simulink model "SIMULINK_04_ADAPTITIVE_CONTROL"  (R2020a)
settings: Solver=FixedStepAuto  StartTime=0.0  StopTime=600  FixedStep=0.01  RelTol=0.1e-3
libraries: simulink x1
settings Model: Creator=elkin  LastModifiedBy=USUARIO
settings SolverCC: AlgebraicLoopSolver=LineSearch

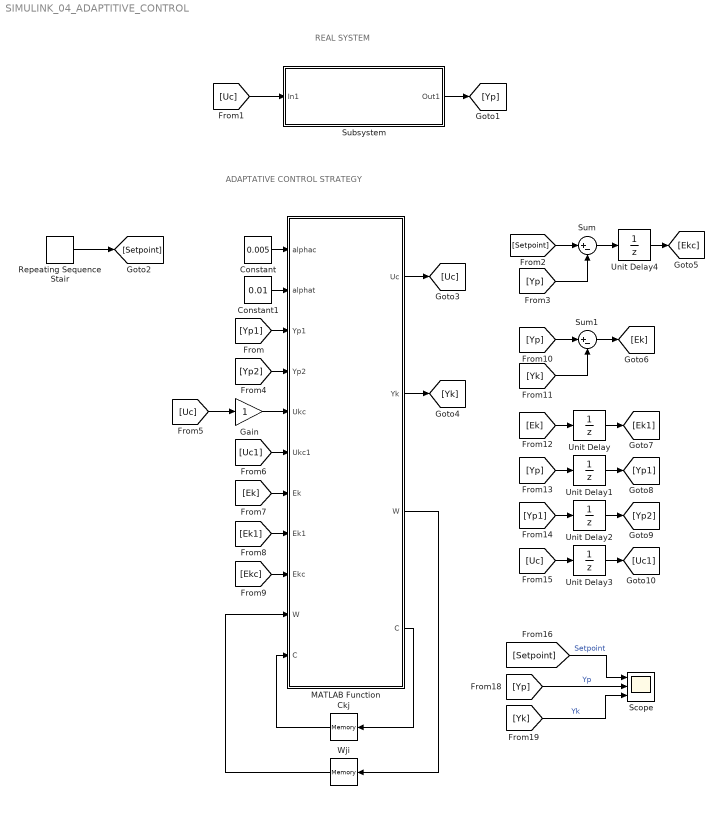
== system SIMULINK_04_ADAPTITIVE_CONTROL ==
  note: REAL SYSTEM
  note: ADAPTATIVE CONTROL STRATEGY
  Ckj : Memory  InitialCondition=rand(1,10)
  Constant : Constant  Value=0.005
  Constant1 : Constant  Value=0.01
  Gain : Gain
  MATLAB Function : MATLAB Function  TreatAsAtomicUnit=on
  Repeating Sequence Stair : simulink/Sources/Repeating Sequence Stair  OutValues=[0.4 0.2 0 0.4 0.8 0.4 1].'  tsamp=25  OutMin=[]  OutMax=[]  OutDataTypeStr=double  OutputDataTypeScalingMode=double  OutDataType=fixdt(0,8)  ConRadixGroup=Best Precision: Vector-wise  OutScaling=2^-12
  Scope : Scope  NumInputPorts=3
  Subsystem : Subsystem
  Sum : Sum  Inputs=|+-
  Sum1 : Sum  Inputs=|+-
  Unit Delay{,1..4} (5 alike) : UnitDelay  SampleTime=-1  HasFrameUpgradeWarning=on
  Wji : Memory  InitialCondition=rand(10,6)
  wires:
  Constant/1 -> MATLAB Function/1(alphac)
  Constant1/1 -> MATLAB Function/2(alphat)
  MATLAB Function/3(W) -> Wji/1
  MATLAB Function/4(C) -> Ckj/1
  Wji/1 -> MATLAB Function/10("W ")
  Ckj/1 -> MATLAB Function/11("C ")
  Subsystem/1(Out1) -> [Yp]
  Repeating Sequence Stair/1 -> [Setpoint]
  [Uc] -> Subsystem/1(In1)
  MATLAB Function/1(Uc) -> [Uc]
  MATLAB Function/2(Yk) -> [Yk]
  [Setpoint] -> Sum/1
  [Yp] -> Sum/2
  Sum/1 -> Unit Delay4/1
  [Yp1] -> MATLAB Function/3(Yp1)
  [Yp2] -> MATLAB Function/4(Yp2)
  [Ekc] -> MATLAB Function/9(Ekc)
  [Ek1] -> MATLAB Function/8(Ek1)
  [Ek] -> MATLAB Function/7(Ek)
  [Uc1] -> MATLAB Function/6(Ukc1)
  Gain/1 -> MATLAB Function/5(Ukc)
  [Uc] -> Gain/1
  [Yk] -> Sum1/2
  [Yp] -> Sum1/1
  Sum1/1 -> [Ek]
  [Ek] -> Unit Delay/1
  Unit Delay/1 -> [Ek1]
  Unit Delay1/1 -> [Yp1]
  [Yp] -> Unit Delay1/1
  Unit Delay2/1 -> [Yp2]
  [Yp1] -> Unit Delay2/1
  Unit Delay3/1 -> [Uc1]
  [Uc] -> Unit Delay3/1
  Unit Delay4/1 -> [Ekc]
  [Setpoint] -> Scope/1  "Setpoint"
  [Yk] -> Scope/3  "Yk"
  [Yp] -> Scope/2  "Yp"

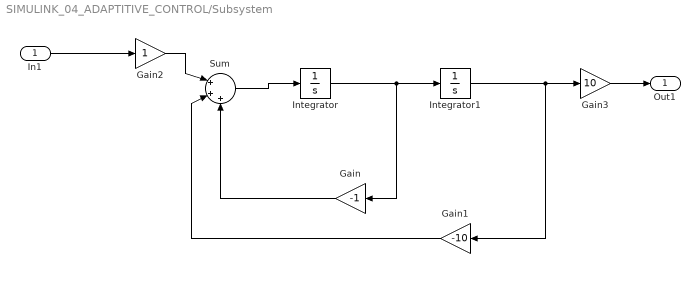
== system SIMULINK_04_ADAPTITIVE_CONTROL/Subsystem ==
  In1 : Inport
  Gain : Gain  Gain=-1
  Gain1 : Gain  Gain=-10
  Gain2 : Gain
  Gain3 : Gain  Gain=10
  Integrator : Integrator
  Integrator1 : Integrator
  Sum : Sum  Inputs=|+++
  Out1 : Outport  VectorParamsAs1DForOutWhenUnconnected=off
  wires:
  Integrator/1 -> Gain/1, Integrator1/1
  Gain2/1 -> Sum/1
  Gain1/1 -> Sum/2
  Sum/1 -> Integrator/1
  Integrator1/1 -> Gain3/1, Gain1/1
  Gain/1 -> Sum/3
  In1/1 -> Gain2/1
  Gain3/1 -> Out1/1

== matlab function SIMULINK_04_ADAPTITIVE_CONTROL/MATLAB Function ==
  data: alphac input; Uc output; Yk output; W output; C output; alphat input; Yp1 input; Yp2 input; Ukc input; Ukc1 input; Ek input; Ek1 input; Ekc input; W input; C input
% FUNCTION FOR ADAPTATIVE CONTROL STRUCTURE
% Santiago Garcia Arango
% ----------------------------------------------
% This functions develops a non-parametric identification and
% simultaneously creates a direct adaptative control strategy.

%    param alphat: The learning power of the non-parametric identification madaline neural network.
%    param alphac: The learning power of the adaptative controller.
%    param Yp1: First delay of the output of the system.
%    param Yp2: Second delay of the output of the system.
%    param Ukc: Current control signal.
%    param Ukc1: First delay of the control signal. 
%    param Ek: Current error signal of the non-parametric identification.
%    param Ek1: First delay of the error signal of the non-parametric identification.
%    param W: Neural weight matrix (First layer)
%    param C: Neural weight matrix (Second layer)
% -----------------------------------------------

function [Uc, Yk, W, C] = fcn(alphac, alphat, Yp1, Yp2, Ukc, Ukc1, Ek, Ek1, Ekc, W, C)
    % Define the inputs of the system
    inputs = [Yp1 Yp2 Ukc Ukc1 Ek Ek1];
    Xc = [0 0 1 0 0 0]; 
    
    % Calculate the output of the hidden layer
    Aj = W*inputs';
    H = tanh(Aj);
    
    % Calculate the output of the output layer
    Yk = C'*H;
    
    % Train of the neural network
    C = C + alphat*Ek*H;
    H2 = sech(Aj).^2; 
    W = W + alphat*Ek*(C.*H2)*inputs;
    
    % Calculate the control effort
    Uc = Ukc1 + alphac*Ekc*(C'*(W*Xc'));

◆ **Task**: Only an exact copy of the lines from the top of the entries through the line with "Wji/1 -> MATLAB", both included, should be given, with all pictures omitted.

◆ **Exercise solution**:
simulink model "SIMULINK_04_ADAPTITIVE_CONTROL"  (R2020a)
settings: Solver=FixedStepAuto  StartTime=0.0  StopTime=600  FixedStep=0.01  RelTol=0.1e-3
libraries: simulink x1
settings Model: Creator=elkin  LastModifiedBy=USUARIO
settings SolverCC: AlgebraicLoopSolver=LineSearch

== system SIMULINK_04_ADAPTITIVE_CONTROL ==
  note: REAL SYSTEM
  note: ADAPTATIVE CONTROL STRATEGY
  Ckj : Memory  InitialCondition=rand(1,10)
  Constant : Constant  Value=0.005
  Constant1 : Constant  Value=0.01
  Gain : Gain
  MATLAB Function : MATLAB Function  TreatAsAtomicUnit=on
  Repeating Sequence Stair : simulink/Sources/Repeating Sequence Stair  OutValues=[0.4 0.2 0 0.4 0.8 0.4 1].'  tsamp=25  OutMin=[]  OutMax=[]  OutDataTypeStr=double  OutputDataTypeScalingMode=double  OutDataType=fixdt(0,8)  ConRadixGroup=Best Precision: Vector-wise  OutScaling=2^-12
  Scope : Scope  NumInputPorts=3
  Subsystem : Subsystem
  Sum : Sum  Inputs=|+-
  Sum1 : Sum  Inputs=|+-
  Unit Delay{,1..4} (5 alike) : UnitDelay  SampleTime=-1  HasFrameUpgradeWarning=on
  Wji : Memory  InitialCondition=rand(10,6)
  wires:
  Constant/1 -> MATLAB Function/1(alphac)
  Constant1/1 -> MATLAB Function/2(alphat)
  MATLAB Function/3(W) -> Wji/1
  MATLAB Function/4(C) -> Ckj/1
  Wji/1 -> MATLAB Function/10("W ")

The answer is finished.